Work to complete |
Every line below that holds the word "fillet" must be listed.

Dataset records:
_____
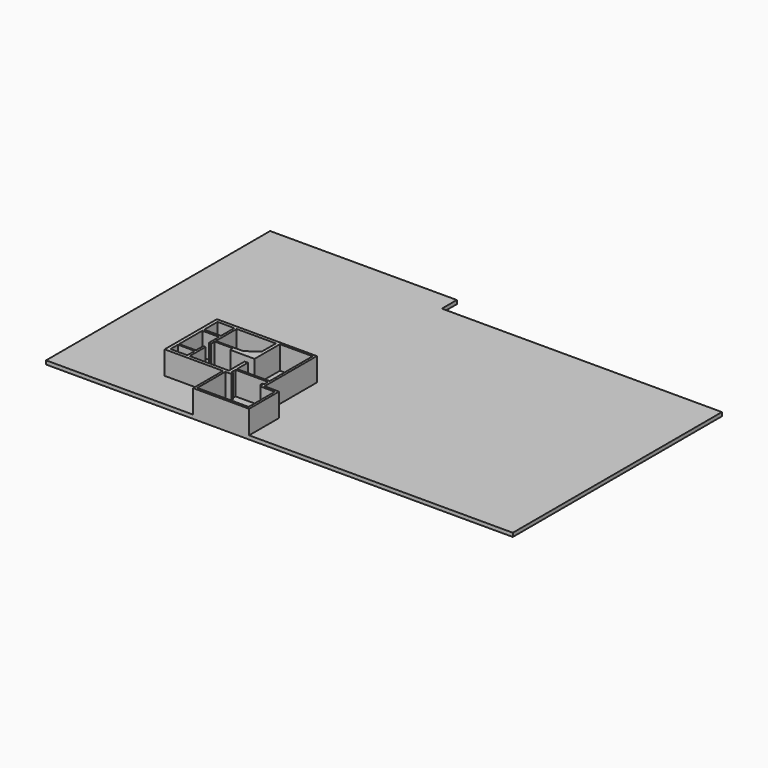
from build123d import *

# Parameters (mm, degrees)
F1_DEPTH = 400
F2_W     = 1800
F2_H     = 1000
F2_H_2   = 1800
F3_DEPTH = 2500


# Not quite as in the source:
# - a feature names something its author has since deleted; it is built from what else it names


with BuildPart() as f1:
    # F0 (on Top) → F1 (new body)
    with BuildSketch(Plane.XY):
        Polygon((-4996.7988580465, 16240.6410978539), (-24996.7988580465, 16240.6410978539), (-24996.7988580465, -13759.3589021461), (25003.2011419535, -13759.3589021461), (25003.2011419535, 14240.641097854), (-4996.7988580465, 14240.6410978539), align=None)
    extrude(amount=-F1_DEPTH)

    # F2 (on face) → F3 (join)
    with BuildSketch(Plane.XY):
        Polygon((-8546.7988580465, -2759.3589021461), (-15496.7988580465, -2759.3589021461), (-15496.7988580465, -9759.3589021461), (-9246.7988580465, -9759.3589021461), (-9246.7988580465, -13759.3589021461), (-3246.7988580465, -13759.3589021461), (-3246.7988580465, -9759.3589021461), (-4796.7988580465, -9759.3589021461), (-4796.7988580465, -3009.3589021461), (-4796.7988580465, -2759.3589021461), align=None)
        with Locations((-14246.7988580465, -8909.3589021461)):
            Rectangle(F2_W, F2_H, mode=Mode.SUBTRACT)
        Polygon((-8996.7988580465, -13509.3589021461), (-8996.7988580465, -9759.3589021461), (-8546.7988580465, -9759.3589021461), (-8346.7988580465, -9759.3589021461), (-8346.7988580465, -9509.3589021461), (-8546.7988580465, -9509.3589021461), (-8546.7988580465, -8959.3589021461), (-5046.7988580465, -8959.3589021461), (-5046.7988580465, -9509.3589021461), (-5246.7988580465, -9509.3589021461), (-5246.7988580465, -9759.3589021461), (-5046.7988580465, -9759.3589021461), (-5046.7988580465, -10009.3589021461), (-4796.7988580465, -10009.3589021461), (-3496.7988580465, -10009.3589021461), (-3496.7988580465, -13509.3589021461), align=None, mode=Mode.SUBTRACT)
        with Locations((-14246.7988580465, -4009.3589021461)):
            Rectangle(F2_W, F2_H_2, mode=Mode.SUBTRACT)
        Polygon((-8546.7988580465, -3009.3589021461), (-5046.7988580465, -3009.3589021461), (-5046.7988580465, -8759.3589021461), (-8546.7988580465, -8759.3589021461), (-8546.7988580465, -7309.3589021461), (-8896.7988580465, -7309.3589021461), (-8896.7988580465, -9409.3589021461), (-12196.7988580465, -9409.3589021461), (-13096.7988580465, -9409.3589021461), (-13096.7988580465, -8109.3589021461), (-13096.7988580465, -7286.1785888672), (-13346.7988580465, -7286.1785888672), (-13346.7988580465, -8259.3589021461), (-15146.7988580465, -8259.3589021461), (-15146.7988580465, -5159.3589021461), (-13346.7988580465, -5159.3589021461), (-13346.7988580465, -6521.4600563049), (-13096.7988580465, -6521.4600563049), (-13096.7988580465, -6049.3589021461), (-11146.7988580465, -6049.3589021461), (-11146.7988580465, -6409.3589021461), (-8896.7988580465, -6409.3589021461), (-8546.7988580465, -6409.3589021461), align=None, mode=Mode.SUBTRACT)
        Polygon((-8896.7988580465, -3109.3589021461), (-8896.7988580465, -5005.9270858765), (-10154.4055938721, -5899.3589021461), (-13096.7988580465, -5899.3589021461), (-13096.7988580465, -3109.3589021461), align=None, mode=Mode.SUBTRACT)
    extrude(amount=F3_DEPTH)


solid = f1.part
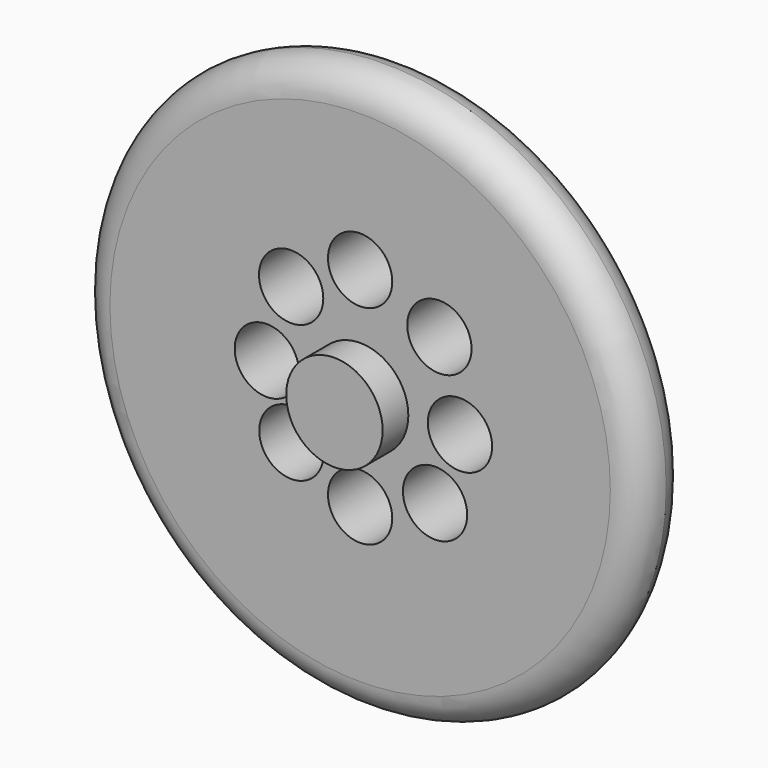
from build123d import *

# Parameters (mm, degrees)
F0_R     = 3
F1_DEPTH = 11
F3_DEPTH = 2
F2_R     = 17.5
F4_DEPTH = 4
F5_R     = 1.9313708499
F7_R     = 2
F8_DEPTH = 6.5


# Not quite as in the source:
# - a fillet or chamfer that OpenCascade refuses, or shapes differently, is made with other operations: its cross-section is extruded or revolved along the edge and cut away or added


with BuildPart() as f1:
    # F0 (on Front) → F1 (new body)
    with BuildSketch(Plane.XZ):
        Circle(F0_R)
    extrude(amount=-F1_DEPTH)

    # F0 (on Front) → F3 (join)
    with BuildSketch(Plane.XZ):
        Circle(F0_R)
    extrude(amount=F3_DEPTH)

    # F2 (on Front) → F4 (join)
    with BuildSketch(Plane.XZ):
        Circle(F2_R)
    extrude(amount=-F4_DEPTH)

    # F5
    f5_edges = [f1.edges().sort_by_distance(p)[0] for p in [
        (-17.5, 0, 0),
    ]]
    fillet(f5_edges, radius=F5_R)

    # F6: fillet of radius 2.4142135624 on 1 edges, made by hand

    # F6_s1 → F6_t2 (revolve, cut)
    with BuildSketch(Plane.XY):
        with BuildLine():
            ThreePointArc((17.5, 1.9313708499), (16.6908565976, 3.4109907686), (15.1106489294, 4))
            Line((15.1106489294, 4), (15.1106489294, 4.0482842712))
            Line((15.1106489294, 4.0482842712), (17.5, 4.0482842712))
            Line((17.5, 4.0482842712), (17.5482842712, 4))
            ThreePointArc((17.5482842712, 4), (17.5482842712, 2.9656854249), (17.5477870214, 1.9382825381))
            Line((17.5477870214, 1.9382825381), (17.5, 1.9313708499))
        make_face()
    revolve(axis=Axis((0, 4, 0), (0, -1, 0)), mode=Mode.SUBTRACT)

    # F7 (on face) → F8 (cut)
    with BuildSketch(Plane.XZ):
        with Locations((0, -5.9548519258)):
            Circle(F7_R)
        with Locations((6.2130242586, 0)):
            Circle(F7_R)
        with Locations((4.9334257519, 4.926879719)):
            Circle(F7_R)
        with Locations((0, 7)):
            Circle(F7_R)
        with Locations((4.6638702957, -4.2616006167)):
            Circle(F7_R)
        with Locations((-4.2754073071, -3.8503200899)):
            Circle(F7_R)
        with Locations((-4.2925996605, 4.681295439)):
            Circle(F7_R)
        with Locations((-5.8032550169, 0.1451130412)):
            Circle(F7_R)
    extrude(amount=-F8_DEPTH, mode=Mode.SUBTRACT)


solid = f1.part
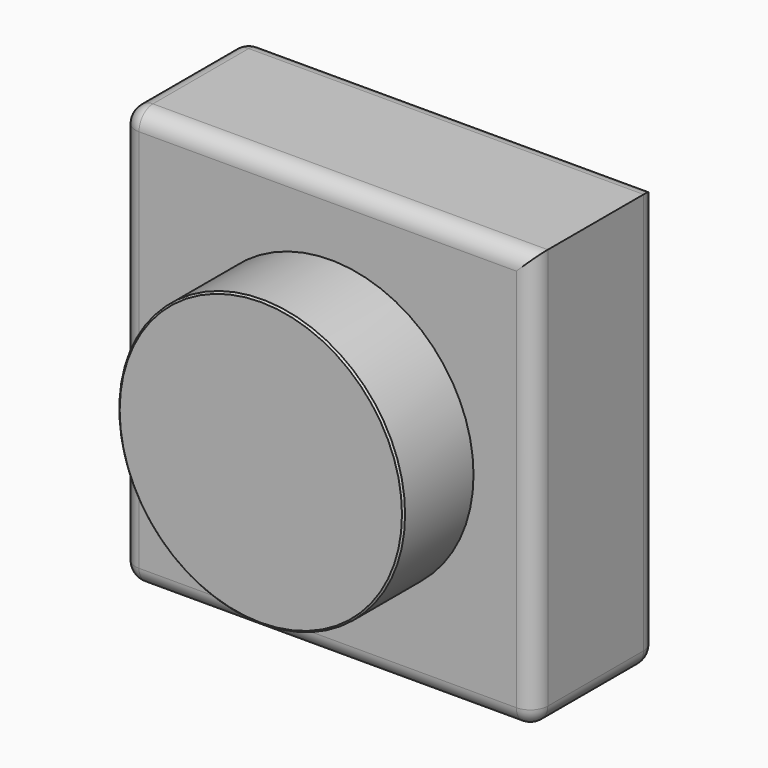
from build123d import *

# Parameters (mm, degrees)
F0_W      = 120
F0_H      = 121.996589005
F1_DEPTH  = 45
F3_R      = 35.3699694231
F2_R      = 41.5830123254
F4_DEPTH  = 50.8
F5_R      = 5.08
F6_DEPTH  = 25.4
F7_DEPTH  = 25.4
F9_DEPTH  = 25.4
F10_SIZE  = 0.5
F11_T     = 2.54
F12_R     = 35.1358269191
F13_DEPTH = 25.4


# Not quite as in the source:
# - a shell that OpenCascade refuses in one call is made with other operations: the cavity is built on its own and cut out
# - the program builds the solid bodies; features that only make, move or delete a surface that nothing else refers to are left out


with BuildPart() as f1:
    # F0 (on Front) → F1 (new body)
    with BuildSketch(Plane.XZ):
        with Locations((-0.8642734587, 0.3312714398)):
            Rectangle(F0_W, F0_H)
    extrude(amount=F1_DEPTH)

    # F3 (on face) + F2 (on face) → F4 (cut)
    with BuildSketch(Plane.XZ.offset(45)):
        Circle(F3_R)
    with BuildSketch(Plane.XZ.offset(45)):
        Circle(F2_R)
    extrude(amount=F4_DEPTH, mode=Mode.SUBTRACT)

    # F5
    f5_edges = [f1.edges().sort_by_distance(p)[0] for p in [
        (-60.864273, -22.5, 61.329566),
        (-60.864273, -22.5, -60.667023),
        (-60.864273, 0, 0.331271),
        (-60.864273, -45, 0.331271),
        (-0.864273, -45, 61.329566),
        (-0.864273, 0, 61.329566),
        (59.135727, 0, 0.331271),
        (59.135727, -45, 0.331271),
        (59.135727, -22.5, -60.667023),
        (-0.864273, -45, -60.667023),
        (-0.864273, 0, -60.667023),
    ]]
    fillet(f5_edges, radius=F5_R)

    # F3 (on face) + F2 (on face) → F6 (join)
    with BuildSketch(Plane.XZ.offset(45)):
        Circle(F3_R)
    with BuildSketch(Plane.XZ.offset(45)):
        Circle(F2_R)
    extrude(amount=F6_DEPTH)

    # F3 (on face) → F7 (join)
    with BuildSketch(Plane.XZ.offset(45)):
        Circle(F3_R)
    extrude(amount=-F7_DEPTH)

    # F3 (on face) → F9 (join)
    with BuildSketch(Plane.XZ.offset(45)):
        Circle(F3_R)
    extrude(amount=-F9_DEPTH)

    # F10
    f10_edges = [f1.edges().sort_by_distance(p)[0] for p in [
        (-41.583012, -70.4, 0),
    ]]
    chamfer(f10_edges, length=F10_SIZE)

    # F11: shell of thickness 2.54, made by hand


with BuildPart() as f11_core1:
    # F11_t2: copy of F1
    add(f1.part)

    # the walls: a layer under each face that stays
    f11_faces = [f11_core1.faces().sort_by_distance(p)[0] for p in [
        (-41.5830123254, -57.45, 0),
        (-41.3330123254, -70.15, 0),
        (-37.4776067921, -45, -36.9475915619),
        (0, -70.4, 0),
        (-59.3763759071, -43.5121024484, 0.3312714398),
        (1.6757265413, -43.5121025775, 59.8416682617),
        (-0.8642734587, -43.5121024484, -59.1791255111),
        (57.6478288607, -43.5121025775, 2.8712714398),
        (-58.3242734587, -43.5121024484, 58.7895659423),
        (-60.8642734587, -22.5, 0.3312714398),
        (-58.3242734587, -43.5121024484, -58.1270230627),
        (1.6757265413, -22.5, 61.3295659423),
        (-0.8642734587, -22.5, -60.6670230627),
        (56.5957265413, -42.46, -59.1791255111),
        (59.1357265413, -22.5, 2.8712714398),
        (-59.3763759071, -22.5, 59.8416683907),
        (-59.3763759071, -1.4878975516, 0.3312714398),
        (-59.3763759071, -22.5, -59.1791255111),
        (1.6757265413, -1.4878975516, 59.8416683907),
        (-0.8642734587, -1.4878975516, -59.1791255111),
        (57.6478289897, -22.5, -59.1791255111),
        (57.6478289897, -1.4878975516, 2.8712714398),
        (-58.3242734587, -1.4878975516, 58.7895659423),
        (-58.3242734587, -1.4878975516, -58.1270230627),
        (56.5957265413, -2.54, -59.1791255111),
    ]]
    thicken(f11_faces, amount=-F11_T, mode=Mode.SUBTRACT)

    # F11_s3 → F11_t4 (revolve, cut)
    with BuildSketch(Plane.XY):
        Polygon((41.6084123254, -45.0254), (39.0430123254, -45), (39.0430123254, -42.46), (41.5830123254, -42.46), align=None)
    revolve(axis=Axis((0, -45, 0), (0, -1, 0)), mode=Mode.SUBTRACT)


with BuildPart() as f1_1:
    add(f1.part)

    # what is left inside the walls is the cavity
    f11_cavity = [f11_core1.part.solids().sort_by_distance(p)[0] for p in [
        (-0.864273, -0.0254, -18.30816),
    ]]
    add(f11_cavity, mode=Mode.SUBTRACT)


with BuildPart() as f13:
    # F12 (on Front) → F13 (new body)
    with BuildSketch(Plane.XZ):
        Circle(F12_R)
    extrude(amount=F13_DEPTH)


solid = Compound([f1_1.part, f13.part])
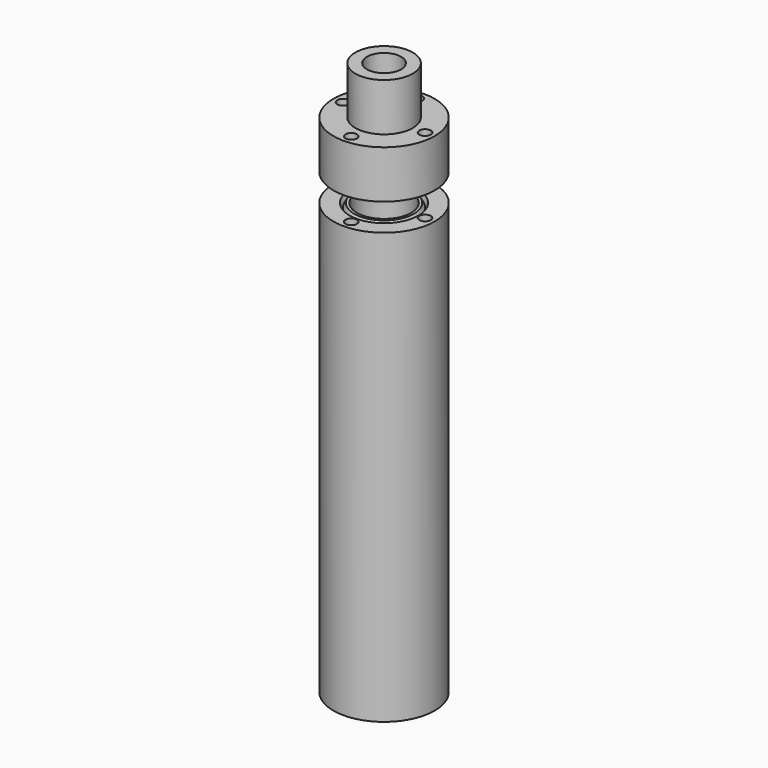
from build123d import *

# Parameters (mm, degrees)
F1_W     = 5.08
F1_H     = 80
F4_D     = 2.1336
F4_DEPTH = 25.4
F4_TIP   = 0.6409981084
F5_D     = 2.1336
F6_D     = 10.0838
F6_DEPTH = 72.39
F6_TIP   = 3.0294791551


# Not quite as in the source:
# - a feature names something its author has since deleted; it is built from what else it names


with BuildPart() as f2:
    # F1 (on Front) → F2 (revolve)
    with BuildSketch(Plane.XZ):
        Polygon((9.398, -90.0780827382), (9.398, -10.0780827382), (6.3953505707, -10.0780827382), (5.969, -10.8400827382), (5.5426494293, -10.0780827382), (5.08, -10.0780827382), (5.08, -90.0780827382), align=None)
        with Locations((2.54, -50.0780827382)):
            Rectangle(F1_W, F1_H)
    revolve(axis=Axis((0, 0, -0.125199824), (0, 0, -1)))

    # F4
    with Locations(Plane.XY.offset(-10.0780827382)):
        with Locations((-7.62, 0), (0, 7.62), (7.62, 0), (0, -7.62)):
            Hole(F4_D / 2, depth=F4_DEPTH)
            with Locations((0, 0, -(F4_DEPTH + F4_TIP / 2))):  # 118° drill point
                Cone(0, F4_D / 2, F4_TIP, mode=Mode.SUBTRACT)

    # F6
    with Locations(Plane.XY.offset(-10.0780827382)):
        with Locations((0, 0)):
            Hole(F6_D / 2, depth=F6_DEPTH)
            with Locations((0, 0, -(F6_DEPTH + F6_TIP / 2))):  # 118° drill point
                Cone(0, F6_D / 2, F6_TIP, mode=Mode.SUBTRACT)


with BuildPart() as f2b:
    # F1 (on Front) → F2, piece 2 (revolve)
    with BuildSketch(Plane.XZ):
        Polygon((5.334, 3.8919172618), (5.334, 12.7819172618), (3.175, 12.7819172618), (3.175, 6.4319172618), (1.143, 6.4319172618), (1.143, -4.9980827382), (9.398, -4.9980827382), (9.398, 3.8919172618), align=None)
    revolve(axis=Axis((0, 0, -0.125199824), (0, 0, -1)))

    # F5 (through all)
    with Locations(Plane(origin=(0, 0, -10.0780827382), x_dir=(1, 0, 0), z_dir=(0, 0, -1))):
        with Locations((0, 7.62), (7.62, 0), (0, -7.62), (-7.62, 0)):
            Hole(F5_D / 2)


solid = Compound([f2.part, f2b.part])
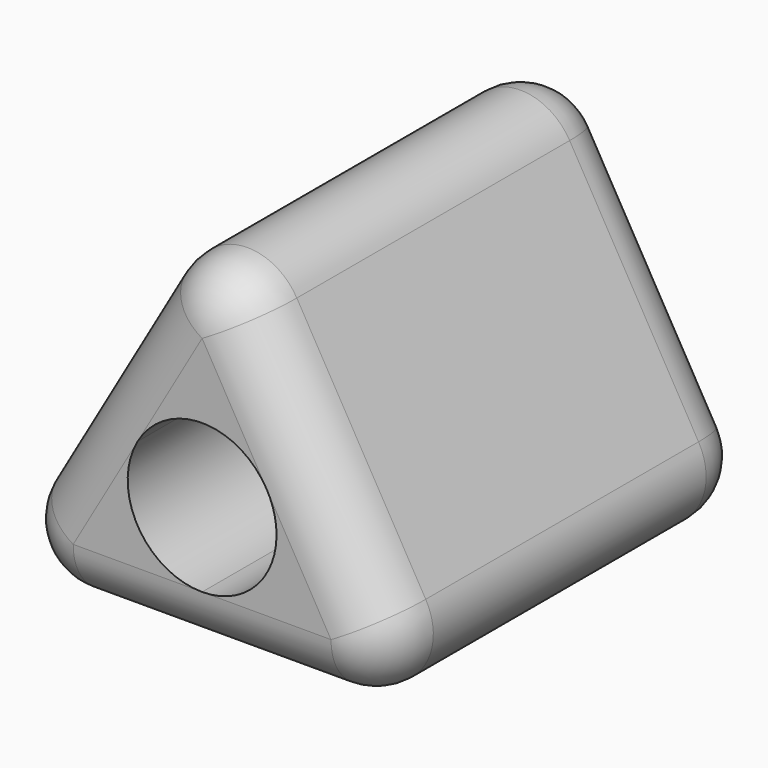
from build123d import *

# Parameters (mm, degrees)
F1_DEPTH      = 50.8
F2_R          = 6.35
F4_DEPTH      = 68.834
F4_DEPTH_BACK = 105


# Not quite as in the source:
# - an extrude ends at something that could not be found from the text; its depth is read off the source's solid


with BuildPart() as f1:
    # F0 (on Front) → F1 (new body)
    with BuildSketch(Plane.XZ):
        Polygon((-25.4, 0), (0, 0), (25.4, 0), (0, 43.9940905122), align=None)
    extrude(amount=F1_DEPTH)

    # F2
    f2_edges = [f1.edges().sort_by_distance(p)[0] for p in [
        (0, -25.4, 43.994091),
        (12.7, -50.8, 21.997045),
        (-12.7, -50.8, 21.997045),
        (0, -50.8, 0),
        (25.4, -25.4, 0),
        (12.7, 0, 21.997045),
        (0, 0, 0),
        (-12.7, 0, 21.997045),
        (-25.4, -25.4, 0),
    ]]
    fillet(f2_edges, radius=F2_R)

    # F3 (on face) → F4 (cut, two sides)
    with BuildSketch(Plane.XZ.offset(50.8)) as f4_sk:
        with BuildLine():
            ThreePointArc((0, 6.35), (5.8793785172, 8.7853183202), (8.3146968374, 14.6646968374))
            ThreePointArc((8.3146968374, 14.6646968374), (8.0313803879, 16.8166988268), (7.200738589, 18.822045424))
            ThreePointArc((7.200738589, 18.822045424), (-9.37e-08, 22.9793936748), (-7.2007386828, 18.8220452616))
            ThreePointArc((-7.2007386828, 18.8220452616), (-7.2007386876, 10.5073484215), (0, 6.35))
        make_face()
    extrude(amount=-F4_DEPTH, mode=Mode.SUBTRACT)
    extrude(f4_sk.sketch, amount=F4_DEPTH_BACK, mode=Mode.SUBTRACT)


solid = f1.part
_____
Written answer |
# - a fillet or chamfer that OpenCascade refuses, or shapes differently, is made with other operations: its cross-section is extruded or revolved along the edge and cut away or added
    fillet(f5_edges, radius=F5_R)
    # F6: fillet of radius 2.4142135624 on 1 edges, made by hand
    fillet(f5_edges, radius=F5_R)
    fillet(f2_edges, radius=F2_R)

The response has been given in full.